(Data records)
____

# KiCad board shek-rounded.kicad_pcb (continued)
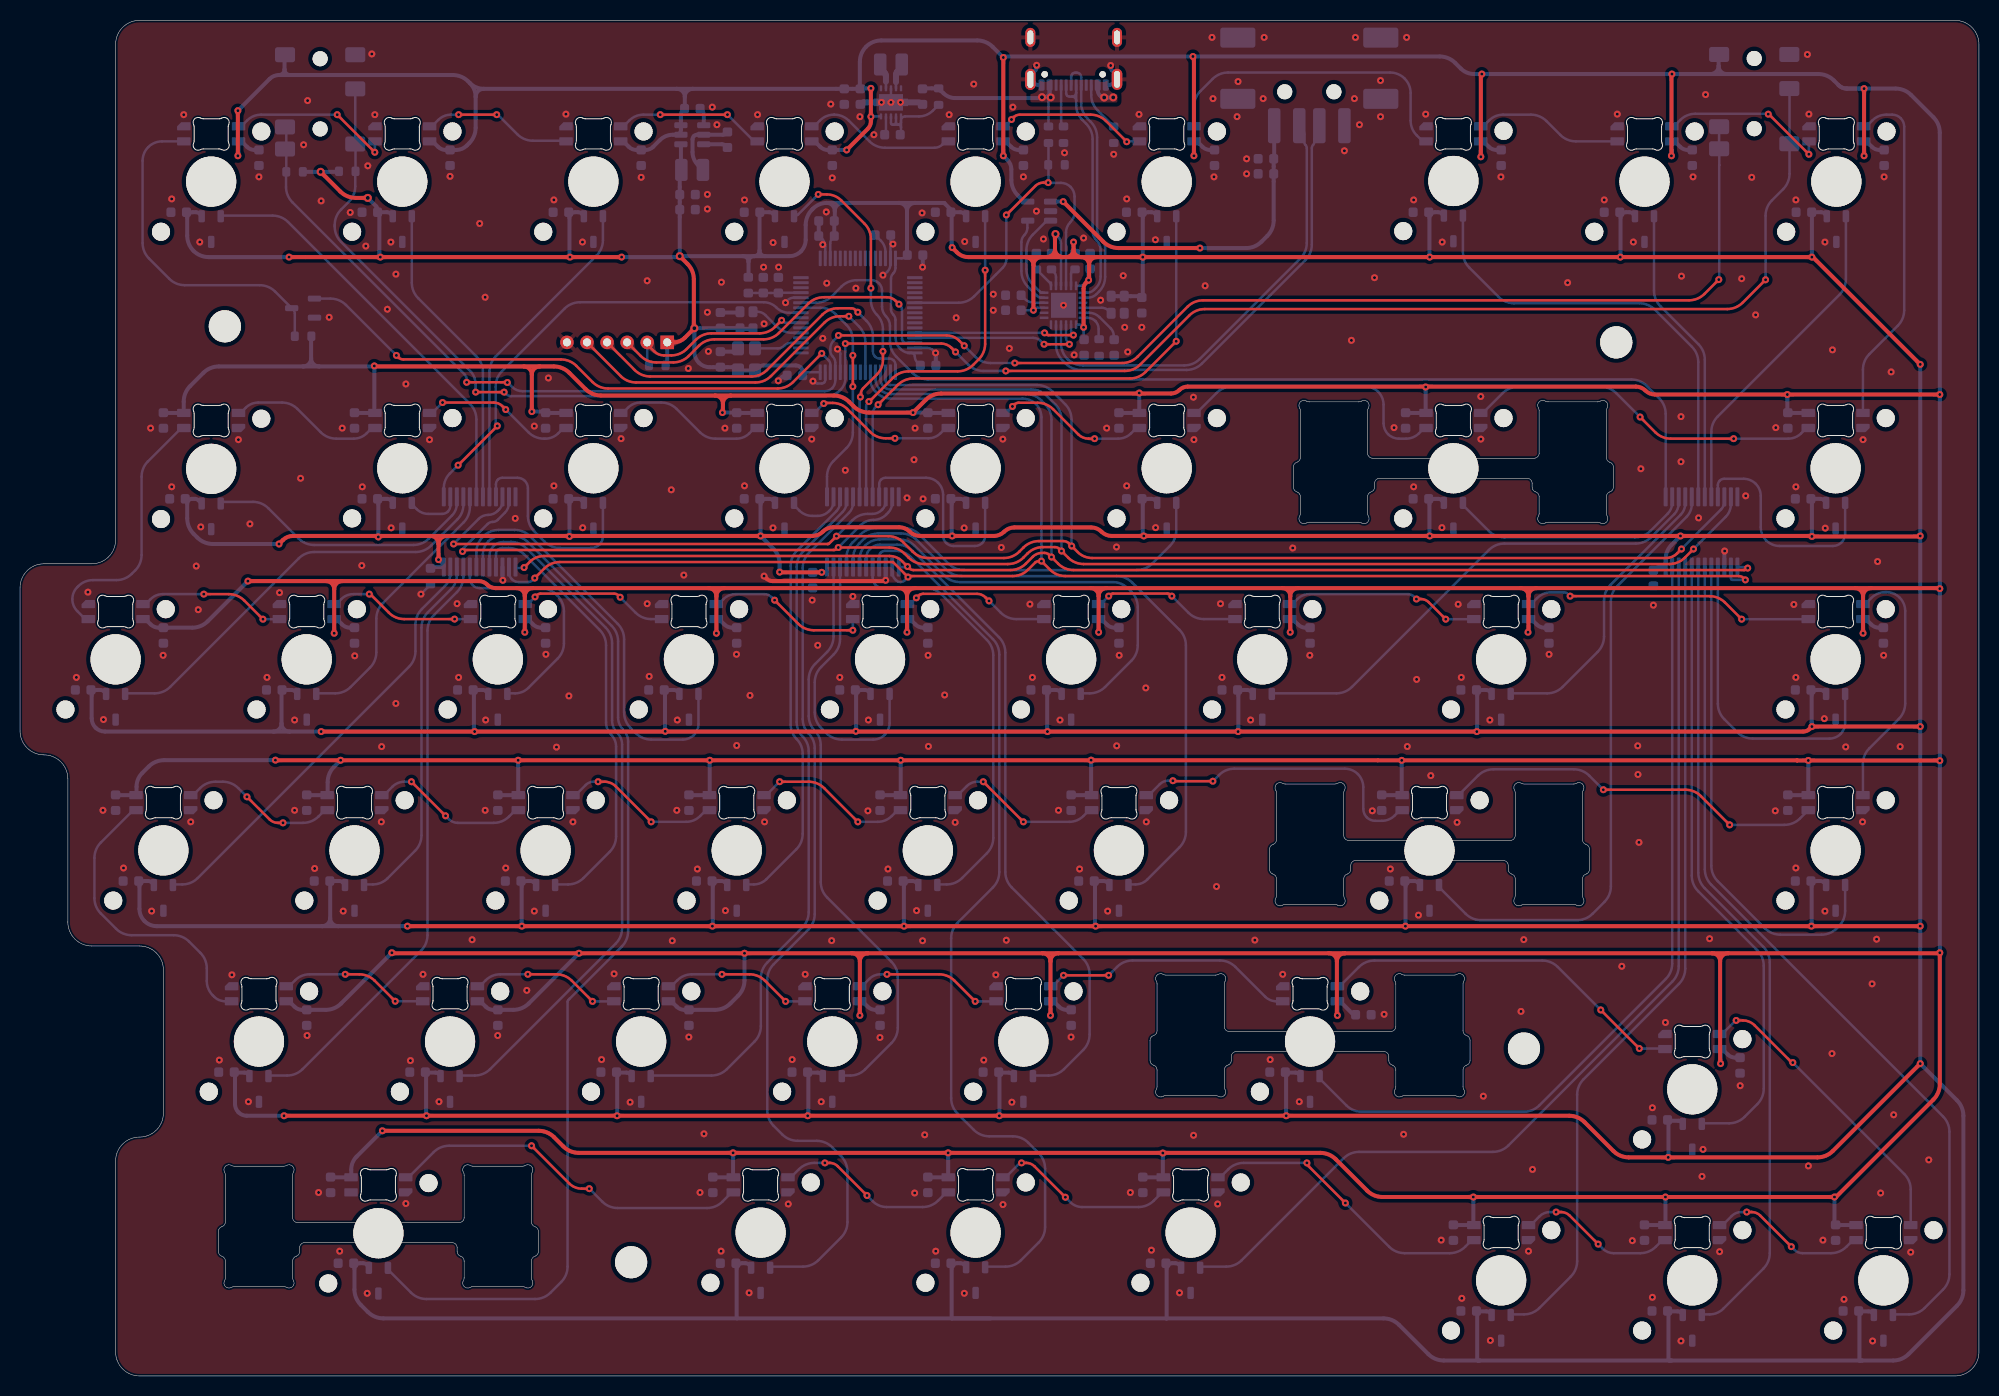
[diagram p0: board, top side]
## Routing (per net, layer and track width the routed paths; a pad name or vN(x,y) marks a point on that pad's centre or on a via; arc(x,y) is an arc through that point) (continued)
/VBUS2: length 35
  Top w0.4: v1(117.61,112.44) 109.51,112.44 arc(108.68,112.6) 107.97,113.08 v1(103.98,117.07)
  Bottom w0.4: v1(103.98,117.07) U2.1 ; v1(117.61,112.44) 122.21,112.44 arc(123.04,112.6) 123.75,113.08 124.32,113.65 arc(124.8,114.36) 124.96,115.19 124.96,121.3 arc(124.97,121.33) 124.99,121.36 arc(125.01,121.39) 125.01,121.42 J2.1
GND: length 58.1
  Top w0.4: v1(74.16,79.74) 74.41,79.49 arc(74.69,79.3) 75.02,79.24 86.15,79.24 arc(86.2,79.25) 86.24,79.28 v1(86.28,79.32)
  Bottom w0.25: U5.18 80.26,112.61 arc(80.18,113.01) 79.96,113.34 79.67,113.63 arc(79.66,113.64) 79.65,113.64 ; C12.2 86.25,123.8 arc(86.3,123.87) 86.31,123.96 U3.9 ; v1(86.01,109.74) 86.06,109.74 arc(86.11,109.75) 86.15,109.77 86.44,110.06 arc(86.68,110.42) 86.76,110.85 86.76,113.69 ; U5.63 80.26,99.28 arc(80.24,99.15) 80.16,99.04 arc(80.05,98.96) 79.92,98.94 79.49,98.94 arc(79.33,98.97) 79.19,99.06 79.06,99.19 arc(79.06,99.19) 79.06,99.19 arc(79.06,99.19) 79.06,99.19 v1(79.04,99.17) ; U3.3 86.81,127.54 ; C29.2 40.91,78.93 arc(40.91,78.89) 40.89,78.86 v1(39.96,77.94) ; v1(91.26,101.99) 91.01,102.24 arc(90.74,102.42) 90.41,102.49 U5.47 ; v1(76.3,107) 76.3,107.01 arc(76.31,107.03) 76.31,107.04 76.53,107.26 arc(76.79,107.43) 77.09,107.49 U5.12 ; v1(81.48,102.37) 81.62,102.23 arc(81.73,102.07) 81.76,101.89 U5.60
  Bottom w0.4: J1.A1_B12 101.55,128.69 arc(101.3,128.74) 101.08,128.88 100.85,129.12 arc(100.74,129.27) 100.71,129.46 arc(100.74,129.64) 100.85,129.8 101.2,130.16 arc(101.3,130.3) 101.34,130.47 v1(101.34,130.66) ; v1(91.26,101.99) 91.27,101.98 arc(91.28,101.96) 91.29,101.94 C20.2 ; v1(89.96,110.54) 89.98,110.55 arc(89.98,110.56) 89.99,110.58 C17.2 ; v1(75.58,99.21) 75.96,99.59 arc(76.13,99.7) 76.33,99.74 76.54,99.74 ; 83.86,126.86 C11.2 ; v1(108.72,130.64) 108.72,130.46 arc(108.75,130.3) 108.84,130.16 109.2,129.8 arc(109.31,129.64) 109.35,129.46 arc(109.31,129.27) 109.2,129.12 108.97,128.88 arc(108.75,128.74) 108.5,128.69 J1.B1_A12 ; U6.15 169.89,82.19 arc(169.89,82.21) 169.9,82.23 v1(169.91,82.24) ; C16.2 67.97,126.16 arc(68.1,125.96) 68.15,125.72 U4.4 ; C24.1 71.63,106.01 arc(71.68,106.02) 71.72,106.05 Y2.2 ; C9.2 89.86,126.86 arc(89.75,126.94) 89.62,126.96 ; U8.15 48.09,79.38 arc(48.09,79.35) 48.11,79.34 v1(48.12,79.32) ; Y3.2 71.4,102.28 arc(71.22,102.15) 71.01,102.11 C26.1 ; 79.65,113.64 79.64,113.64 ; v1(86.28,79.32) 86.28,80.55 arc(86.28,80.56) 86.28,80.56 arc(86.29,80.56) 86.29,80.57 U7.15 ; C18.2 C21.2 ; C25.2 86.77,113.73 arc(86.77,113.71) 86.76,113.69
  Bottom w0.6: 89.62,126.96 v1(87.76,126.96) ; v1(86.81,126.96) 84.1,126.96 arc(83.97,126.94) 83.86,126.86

____

| YOUR ASSIGNMENT |
For each line in the records that contains the word "continued", make a copy.

| RESPONSE BELOW |
# KiCad board shek-rounded.kicad_pcb (continued)
## Routing (per net, layer and track width the routed paths; a pad name or vN(x,y) marks a point on that pad's centre or on a via; arc(x,y) is an arc through that point) (continued)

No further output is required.